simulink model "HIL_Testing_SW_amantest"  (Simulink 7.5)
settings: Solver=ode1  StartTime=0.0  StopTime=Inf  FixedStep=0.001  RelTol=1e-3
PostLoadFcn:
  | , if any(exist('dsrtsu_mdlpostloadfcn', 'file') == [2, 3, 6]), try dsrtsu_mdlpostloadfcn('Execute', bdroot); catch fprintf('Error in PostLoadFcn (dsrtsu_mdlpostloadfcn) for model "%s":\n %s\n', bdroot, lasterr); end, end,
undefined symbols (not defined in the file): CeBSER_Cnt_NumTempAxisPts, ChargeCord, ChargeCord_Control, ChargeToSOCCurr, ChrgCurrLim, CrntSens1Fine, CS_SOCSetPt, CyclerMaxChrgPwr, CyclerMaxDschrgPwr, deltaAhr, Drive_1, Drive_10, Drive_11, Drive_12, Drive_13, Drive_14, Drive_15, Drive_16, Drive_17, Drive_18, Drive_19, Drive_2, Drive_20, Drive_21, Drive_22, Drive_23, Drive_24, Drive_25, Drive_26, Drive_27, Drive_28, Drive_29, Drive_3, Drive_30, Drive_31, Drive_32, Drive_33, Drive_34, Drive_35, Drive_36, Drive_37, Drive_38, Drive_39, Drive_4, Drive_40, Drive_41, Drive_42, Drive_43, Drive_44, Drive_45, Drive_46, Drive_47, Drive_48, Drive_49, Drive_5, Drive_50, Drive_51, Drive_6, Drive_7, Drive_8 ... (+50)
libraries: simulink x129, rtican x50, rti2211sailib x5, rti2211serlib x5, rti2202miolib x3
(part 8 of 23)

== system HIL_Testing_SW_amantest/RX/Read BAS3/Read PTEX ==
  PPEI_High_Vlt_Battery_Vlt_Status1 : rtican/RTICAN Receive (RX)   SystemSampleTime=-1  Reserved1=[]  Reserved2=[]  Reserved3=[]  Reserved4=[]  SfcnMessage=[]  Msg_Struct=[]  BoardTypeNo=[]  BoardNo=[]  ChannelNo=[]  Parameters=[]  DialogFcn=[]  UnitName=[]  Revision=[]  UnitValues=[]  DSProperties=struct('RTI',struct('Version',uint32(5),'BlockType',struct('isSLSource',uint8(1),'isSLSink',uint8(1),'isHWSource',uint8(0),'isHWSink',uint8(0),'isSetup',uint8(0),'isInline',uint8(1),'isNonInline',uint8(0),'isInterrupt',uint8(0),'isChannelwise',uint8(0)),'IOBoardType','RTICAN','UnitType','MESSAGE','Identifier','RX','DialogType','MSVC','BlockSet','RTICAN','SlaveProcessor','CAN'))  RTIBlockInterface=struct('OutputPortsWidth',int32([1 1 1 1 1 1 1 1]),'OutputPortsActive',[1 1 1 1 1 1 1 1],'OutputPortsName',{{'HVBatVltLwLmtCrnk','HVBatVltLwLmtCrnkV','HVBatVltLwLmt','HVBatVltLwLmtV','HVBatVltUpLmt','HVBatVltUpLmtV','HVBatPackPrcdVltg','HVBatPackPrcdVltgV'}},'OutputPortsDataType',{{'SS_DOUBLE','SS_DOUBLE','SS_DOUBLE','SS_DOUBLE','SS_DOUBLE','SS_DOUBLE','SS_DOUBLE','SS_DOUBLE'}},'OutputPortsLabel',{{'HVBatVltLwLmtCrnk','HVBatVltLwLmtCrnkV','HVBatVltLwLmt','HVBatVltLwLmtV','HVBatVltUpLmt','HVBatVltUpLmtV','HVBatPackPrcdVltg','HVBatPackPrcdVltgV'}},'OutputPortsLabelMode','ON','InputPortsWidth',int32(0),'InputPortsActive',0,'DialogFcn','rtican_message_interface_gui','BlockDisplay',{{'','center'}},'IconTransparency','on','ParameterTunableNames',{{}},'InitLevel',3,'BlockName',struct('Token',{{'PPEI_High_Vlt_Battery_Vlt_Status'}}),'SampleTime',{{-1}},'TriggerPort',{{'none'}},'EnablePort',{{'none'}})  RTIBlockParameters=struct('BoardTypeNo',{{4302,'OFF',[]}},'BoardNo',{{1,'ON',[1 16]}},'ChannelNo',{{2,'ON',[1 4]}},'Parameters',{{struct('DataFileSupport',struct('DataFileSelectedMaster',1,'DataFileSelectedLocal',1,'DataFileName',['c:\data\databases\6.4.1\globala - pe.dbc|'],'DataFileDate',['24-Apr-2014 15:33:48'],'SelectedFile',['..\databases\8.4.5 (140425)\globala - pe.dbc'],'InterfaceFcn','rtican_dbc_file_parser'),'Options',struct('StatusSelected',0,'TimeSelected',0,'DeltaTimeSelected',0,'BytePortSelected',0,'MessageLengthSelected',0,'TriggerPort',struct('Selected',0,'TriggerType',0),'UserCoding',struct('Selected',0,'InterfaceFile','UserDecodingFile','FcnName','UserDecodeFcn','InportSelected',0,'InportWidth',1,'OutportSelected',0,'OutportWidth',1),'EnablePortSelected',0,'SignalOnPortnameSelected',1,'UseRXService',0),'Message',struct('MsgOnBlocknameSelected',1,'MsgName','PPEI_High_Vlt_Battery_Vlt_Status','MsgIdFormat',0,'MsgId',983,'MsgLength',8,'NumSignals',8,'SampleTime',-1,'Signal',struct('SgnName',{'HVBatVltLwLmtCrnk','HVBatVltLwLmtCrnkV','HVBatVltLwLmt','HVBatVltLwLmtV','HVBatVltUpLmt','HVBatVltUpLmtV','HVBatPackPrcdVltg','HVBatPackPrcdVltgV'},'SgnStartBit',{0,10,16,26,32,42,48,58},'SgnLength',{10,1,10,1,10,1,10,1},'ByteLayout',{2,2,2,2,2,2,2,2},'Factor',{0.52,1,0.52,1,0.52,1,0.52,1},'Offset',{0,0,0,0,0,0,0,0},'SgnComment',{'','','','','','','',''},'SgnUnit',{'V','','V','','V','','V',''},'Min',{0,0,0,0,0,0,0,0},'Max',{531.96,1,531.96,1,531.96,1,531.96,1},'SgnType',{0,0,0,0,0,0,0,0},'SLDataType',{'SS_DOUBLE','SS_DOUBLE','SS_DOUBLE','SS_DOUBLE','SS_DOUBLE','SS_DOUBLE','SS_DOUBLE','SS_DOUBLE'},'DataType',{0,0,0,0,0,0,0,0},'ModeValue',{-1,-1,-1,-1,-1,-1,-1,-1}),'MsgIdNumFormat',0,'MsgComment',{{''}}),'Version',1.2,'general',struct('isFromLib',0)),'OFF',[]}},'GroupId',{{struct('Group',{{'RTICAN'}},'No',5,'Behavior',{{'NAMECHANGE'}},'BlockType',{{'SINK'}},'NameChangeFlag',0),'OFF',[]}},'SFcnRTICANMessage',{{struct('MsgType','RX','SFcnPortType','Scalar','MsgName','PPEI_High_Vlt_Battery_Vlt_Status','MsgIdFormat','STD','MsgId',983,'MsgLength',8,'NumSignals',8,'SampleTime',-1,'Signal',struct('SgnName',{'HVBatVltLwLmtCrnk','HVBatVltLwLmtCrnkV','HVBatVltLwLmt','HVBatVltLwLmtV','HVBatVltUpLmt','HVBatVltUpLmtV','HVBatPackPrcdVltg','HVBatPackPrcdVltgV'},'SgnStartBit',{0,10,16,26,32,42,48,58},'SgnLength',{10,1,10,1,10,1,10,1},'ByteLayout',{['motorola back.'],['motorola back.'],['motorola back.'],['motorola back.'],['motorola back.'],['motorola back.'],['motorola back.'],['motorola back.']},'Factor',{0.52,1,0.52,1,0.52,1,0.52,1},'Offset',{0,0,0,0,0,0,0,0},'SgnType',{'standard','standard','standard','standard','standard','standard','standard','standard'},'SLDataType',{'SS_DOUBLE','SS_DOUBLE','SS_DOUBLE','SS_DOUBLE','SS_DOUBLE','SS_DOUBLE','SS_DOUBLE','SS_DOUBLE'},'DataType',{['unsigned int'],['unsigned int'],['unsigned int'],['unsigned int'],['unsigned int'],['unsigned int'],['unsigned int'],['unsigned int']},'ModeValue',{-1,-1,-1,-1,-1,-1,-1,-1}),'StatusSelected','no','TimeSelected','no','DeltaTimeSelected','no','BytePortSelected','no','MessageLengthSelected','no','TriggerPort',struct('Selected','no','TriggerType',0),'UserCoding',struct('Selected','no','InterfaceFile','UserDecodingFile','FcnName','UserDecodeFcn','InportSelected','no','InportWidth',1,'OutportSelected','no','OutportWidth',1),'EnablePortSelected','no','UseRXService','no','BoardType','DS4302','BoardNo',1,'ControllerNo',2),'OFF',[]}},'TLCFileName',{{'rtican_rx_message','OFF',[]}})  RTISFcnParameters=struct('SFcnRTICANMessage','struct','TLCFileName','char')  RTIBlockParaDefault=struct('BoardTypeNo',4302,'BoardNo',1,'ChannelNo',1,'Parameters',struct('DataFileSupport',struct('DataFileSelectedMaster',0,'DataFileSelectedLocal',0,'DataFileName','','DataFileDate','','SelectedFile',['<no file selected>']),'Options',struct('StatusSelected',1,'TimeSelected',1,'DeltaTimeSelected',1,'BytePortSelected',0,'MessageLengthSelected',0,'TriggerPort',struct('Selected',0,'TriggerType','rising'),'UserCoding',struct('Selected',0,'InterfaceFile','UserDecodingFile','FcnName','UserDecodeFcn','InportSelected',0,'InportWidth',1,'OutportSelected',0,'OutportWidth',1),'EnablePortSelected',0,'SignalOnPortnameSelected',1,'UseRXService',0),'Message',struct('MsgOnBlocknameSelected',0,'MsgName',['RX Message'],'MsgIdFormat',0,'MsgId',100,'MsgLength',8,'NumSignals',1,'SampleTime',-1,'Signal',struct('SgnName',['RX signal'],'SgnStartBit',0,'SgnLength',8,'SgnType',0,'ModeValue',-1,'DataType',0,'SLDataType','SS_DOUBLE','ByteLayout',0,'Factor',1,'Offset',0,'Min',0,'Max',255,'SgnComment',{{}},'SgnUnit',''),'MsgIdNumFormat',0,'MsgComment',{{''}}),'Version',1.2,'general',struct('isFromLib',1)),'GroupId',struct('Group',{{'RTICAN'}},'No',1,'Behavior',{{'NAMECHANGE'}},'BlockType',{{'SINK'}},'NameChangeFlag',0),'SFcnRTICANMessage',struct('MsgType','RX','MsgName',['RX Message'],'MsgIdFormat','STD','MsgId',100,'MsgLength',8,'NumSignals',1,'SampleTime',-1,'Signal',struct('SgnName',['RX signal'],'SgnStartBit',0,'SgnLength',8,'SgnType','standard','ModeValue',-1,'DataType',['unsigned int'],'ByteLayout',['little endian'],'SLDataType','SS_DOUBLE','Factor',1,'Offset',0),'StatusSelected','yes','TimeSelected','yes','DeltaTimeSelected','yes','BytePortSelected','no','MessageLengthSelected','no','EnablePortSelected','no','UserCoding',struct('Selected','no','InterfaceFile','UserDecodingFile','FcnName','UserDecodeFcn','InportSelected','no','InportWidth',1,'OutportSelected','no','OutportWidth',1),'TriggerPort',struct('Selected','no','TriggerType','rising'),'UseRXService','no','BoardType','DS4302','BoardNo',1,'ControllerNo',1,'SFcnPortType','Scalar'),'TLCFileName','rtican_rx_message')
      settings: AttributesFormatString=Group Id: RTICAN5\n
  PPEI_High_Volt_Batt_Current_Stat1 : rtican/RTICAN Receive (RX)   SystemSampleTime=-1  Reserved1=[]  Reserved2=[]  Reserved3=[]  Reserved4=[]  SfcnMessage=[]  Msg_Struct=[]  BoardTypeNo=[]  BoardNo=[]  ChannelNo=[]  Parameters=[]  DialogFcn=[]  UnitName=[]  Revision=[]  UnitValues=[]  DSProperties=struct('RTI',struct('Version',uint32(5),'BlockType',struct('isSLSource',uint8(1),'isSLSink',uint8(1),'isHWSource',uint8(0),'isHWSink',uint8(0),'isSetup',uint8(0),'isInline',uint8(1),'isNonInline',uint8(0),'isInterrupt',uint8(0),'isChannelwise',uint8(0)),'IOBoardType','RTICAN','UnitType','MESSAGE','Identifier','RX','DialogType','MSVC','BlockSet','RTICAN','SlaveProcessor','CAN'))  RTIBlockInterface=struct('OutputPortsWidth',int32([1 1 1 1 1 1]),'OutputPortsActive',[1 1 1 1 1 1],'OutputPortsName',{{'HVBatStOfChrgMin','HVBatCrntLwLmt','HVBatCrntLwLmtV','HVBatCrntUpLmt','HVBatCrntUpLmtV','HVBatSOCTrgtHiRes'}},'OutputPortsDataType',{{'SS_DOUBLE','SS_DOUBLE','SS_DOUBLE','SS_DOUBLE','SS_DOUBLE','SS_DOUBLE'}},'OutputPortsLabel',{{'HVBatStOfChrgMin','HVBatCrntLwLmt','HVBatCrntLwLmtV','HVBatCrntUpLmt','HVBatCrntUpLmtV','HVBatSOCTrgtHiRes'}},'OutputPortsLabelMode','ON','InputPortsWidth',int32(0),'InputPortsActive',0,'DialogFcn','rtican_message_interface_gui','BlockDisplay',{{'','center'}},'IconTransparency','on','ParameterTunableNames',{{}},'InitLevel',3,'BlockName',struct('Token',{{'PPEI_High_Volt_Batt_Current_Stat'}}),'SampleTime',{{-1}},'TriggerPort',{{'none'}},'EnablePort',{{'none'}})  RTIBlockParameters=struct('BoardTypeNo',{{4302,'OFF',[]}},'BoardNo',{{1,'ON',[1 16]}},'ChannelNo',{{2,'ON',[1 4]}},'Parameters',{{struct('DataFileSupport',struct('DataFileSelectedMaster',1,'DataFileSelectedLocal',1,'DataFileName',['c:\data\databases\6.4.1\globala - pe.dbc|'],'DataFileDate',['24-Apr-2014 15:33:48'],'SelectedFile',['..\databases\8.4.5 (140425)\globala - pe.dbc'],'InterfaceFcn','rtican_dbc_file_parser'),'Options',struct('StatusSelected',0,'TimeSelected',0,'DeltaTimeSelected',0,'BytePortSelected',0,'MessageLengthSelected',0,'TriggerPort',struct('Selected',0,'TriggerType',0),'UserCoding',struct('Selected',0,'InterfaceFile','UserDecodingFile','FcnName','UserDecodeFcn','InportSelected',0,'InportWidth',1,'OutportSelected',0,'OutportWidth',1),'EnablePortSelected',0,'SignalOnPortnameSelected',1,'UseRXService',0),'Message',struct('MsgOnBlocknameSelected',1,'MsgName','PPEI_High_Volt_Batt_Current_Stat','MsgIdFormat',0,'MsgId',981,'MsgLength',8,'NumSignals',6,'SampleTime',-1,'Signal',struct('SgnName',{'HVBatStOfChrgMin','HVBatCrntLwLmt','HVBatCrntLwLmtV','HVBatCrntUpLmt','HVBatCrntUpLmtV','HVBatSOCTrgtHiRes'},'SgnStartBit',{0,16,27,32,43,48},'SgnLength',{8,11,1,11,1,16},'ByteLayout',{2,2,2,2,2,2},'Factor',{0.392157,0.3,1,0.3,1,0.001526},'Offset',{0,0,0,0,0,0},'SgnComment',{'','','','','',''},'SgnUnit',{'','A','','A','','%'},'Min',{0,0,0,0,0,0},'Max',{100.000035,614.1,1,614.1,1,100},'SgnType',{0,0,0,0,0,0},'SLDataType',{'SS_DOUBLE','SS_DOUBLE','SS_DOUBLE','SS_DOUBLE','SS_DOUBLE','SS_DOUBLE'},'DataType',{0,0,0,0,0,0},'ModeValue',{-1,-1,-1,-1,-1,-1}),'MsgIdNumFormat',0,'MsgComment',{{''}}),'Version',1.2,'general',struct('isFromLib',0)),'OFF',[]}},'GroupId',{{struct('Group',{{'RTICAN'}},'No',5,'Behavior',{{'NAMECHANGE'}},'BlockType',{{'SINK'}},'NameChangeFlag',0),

++++++++++++++++++++

Exercise>
Give only the lines from the one holding "libraries: simulink x129, rtican" through the one holding "system HIL_Testing_SW_amantest/RX/Read BAS3/Read", each restated exactly as it appears above.

Worked solution>
libraries: simulink x129, rtican x50, rti2211sailib x5, rti2211serlib x5, rti2202miolib x3
(part 8 of 23)

== system HIL_Testing_SW_amantest/RX/Read BAS3/Read PTEX ==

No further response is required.